(6/22) Less than a month into her new tenure as Thurmont's Main Street program manager, Vickie Grinder says one of her first priorities is to reach out to local business owners with a simple question: "How can we help you?"
Now in its eighth year, the Main Street program remains the centerpiece of Thurmont's economic development efforts, but after several years of struggles during the economic downturn and frequent turnover in the program's leadership, Grinder is heading an effort to rebuild the program with an emphasis on serving as a provider of information and resources to small businesses
in town. Those resources will soon be centralized in a dedicated Main Street office space in the former Thurmont branch library building near the town square, which is currently being renovated.
"There's something about Main Street that ties the business community together," Grinder said. "A lot of towns don't have Main Streets, but it seems to be the backbone of economic development in this country. If Main Street is thriving, is aesthetically nice, the other businesses in town benefit from it as well."
The town's refocusing on the Main Street program has come at the cost of some tension with the Thurmont Economic Development Committee (EDC), an independent organization which in recent years has focused more on organizing public promotional events than on direct business development. At the June 4 meeting of the Thurmont Board of Commissioners, Mayor Martin Burns
suggested that the town sever official ties with the EDC, citing serious disagreements with some of the group's recent decisions, although he declined to delve into specifics in public.
Meanwhile, the Main Street program has set out to reestablish its presence in town. Since taking office on June 3, Grinder has begun reaching out to business owners with a new information packet explaining what the Main Street program is, what it can do for the community, and how they can get involved.
Another initiative is to arrange for regular guest speakers to come to town to give public presentations on government policies effecting small businesses and on general good business practices. The first speaker will be Nick Rudolf from the Maryland Department of Housing and Community Development, which runs the Main Street Maryland program, who will discuss the program
at a breakfast meeting on July 17 from 8 a.m. to 9 a.m. at the Mountain Gate restaurant. Grinder says she hopes to bring in speakers from the state government to talk about the Affordable Care Act, as well as experts from the Small Business Administration to discuss topics like how to write effective business plans.
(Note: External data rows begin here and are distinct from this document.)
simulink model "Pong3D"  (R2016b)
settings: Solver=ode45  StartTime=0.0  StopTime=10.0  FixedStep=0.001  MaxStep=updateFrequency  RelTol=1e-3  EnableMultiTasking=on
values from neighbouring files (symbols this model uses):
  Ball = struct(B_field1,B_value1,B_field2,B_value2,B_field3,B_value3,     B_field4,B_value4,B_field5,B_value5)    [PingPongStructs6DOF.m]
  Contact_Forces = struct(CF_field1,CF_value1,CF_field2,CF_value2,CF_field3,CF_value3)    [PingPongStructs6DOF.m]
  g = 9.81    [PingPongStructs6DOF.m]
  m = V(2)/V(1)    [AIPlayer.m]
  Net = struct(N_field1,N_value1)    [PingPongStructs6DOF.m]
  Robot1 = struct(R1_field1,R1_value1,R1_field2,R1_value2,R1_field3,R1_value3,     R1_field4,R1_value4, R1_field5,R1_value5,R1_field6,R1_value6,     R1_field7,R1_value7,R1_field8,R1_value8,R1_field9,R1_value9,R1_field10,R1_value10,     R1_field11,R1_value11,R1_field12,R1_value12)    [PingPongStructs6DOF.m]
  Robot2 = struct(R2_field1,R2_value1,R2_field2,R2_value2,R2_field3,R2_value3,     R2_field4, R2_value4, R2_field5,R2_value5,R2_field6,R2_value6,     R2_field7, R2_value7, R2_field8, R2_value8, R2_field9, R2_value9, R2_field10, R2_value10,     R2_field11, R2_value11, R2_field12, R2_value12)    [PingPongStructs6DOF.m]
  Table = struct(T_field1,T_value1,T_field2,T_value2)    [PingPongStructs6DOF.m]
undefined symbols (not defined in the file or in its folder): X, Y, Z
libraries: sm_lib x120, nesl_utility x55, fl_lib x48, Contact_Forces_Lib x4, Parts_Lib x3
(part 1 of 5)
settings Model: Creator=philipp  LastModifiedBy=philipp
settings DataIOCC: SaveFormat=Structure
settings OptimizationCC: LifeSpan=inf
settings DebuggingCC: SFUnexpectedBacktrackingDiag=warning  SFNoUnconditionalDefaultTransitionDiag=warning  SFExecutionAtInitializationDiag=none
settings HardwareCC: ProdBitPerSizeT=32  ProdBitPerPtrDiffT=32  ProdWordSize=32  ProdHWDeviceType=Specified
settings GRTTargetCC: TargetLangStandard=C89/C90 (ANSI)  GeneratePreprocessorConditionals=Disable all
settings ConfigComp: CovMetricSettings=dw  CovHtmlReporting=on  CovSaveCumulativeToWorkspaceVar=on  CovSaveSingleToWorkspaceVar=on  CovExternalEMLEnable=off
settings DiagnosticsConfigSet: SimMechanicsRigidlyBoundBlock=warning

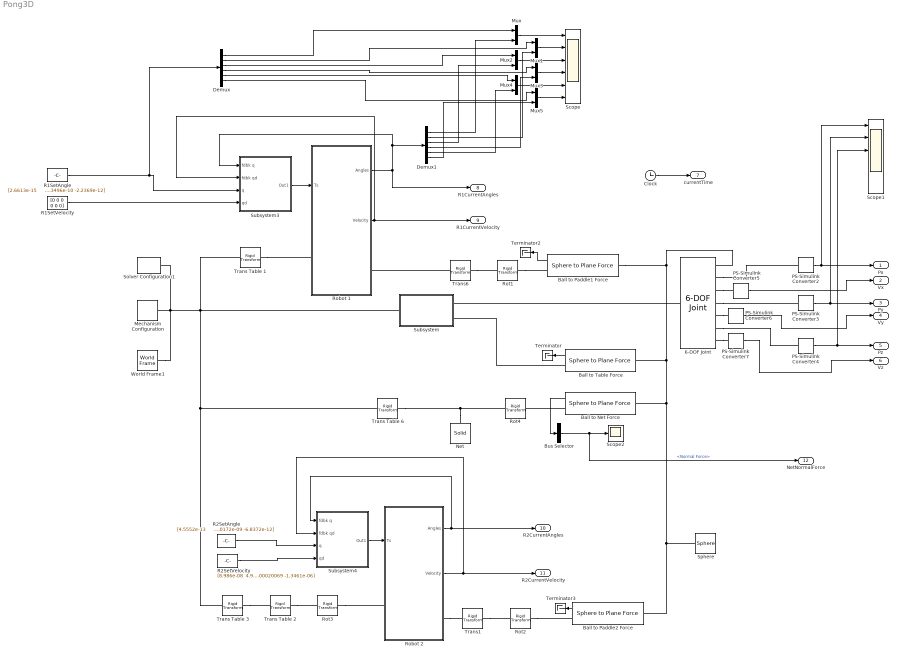
== system Pong3D ==
  6-DOF Joint : sm_lib/Joints/6-DOF Joint  SenseConstraintForce=off  SenseConstraintForceX=off  SenseConstraintForceY=off  SenseConstraintForceZ=off  SenseConstraintTorque=off  SenseConstraintTorqueX=off  SenseConstraintTorqueY=off  SenseConstraintTorqueZ=off  SenseTotalForce=off  SenseTotalForceX=off  SenseTotalForceY=off  SenseTotalForceZ=off  SenseTotalTorque=off  SenseTotalTorqueX=off  SenseTotalTorqueY=off  SenseTotalTorqueZ=off  CompositeWrenchDir=FollowerOnBase  CompositeWrenchFrame=BaseFrame  PxEquilibriumPosition=0  PxEquilibriumPositionUnits=m  PxSpringStiffness=0  PxSpringStiffnessUnits=N/m  PxDampingCoefficient=0  PxDampingCoefficientUnits=N/(m/s)  PxTorqueActuationMode=NoTorque  PxMotionActuationMode=ComputedMotion  PxSensePosition=on  PxSenseVelocity=on  PxSenseAcceleration=off  PxSenseTorqueForce=off  PxPositionTargetSpecify=on  PxPositionTargetPriority=High  PxPositionTargetValue=Ball.Initial_Position(1)  PxPositionTargetValueUnits=m  PxVelocityTargetSpecify=on  PxVelocityTargetPriority=High  PxVelocityTargetValue=Ball.Initial_Velocity(1)  PxVelocityTargetValueUnits=m/s  PyEquilibriumPosition=0  PyEquilibriumPositionUnits=m  PySpringStiffness=0  PySpringStiffnessUnits=N/m  PyDampingCoefficient=0  PyDampingCoefficientUnits=N/(m/s)  PyTorqueActuationMode=NoTorque  PyMotionActuationMode=ComputedMotion  PySensePosition=on  PySenseVelocity=on  PySenseAcceleration=off  PySenseTorqueForce=off  PyPositionTargetSpecify=on  PyPositionTargetPriority=High  PyPositionTargetValue=Ball.Initial_Position(2)  PyPositionTargetValueUnits=m  PyVelocityTargetSpecify=on  PyVelocityTargetPriority=High  PyVelocityTargetValue=Ball.Initial_Velocity(2)  PyVelocityTargetValueUnits=m/s  PzEquilibriumPosition=0  PzEquilibriumPositionUnits=m  PzSpringStiffness=0  PzSpringStiffnessUnits=N/m  PzDampingCoefficient=0  PzDampingCoefficientUnits=N/(m/s)  PzTorqueActuationMode=NoTorque  PzMotionActuationMode=ComputedMotion  PzSensePosition=on  PzSenseVelocity=on  PzSenseAcceleration=off  PzSenseTorqueForce=off  PzPositionTargetSpecify=on  PzPositionTargetPriority=High  PzPositionTargetValue=Ball.Initial_Position(3)  PzPositionTargetValueUnits=m  PzVelocityTargetSpecify=on  PzVelocityTargetPriority=High  PzVelocityTargetValue=Ball.Initial_Velocity(3)  PzVelocityTargetValueUnits=m/s  SphDefPosRotationMethod=None  SphDefPosRotationAngleUnits=deg  SphDefPosRotationStandardAxis=+Z  SphDefPosRotationAngle=0.0  SphDefPosRotationArbitraryAxis=[0 0 1]  SphDefPosFollAlignAxisA=+X  SphDefPosBaseAlignAxisA=+Y  SphDefPosFollAlignAxisB=+Y  SphDefPosBaseAlignAxisB=+Z  SphDefPosRotationSequenceAxes=FollowerAxes  SphDefPosRotationSequence=XYX  SphDefPosRotationSequenceAngles=[0 0 0]  SphDefPosRotationSequenceAnglesUnits=deg  SphDefPosRotationMatrix=[1 0 0; 0 1 0; 0 0 1]  SphEqPosRotationMethod=None  SphEqPosRotationAngleUnits=deg  SphEqPosRotationStandardAxis=+Z  SphEqPosRotationAngle=0.0  SphEqPosRotationArbitraryAxis=[0 0 1]  SphEqPosFollAlignAxisA=+X  SphEqPosBaseAlignAxisA=+Y  SphEqPosFollAlignAxisB=+Y  SphEqPosBaseAlignAxisB=+Z  SphEqPosRotationSequenceAxes=FollowerAxes  SphEqPosRotationSequence=XYX  SphEqPosRotationSequenceAngles=[0 0 0]  SphEqPosRotationSequenceAnglesUnits=deg  SphEqPosRotationMatrix=[1 0 0; 0 1 0; 0 0 1]  SphSpringStiffness=0  SphSpringStiffnessUnits=N*m/deg  SphDampingCoefficient=0  SphDampingCoefficientUnits=N*m/(deg/s)  SphActuateTorqueX=off  SphActuateTorqueY=off  SphActuateTorqueZ=off  SphActuateTorque=off  SphTorqueActuationMode=NoTorque  SphMotionActuationMode=ComputedMotion  SphActuationFrame=BaseFrame  SphSensePosition=off  SphSenseVelocityX=off  SphSenseVelocityY=off  SphSenseVelocityZ=off  SphSenseVelocity=off  SphSenseAccelerationX=off  SphSenseAccelerationY=off  SphSenseAccelerationZ=off  SphSenseAcceleration=off  SphSenseTorqueX=off  SphSenseTorqueY=off  SphSenseTorqueZ=off  SphSenseTorqueForce=off  SphSensingFrame=BaseFrame  SphPositionTargetRotationMethod=None  SphPositionTargetRotationAngleUnits=deg  SphPositionTargetRotationStandardAxis=+Z  SphPositionTargetRotationAngle=0.0  SphPositionTargetRotationArbitraryAxis=[0 0 1]  SphPositionTargetFollAlignAxisA=+X  SphPositionTargetBaseAlignAxisA=+Y  SphPositionTargetFollAlignAxisB=+Y  SphPositionTargetBaseAlignAxisB=+Z  SphPositionTargetRotationSequenceAxes=FollowerAxes  SphPositionTargetRotationSequence=XYX  SphPositionTargetRotationSequenceAngles=[0 0 0]  SphPositionTargetRotationSequenceAnglesUnits=deg  SphPositionTargetRotationMatrix=[1 0 0; 0 1 0; 0 0 1]  SphPositionTargetSpecify=off  SphPositionTargetPriority=High  SphVelocityTargetValue=[0 0 0]  SphVelocityTargetValueUnits=rad/s  SphVelocityTargetSpecify=off  SphVelocityTargetPriority=High  SphVelocityTargetInFollowerFrame=on
  Ball to Net Force : Contact_Forces_Lib/3D/Sphere to Plane Force  sphere_rad=Ball.Radius  plane_lenx=Net.Dimensions(3)  plane_leny=Net.Dimensions(1)  plane_depth=Net.Dimensions(2)/2  force_law=Linear  k_contact=Contact_Forces.Ball_Net(1)  b_contact=Contact_Forces.Ball_Net(2)  pen_full_damp_F=1e-4  pen_exponent=1  custom_param_1=1  custom_param_2=1  friction_law=None  mu_kinetic=0.5  mu_static=0.7  v_thr=0.001
  Ball to Paddle1 Force : Contact_Forces_Lib/3D/Sphere to Plane Force  sphere_rad=Ball.Radius  plane_lenx=2*Robot1.Paddle(1)  plane_leny=2*Robot1.Paddle(1)  plane_depth=Robot1.Paddle(2)/2  force_law=Linear  k_contact=Contact_Forces.Ball_Paddle(1)  b_contact=Contact_Forces.Ball_Paddle(2)  pen_full_damp_F=1e-4  pen_exponent=1  custom_param_1=1  custom_param_2=1  friction_law=None  mu_kinetic=0.5  mu_static=0.7  v_thr=0.001
  Ball to Paddle2 Force : Contact_Forces_Lib/3D/Sphere to Plane Force  sphere_rad=Ball.Radius  plane_lenx=2*Robot2.Paddle(1)  plane_leny=2*Robot2.Paddle(1)  plane_depth=Robot2.Paddle(2)/2  force_law=Linear  k_contact=Contact_Forces.Ball_Paddle(1)  b_contact=Contact_Forces.Ball_Paddle(2)  pen_full_damp_F=1e-4  pen_exponent=1  custom_param_1=1  custom_param_2=1  friction_law=None  mu_kinetic=0.5  mu_static=0.7  v_thr=0.001
  Ball to Table Force : Contact_Forces_Lib/3D/Sphere to Plane Force  sphere_rad=Ball.Radius  plane_lenx=Table.Dimensions(1)  plane_leny=Table.Dimensions(2)  plane_depth=Table.Dimensions(3)/2  force_law=Linear  k_contact=Contact_Forces.Ball_Table(1)  b_contact=Contact_Forces.Ball_Table(2)  pen_full_damp_F=1e-4  pen_exponent=1  custom_param_1=1  custom_param_2=1  friction_law=None  mu_kinetic=0.5  mu_static=0.7  v_thr=0.001
  Bus Selector : BusSelector  OutputSignals=Normal Force
  Clock : Clock
  Demux : Demux  Outputs=6
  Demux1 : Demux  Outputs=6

Grinder's other projects focus on promoting the town and drawing in tourism. She is currently working on a new brochure that she hopes will catch the eyes of travelers in Gettysburg during its extremely busy tourism season. She is also working with the Thurmont Historical Society and Star-Spangled Tours to establish a guided day tour of attractions in the northern part of
the county, and expects to get Emmitsburg involved soon as well.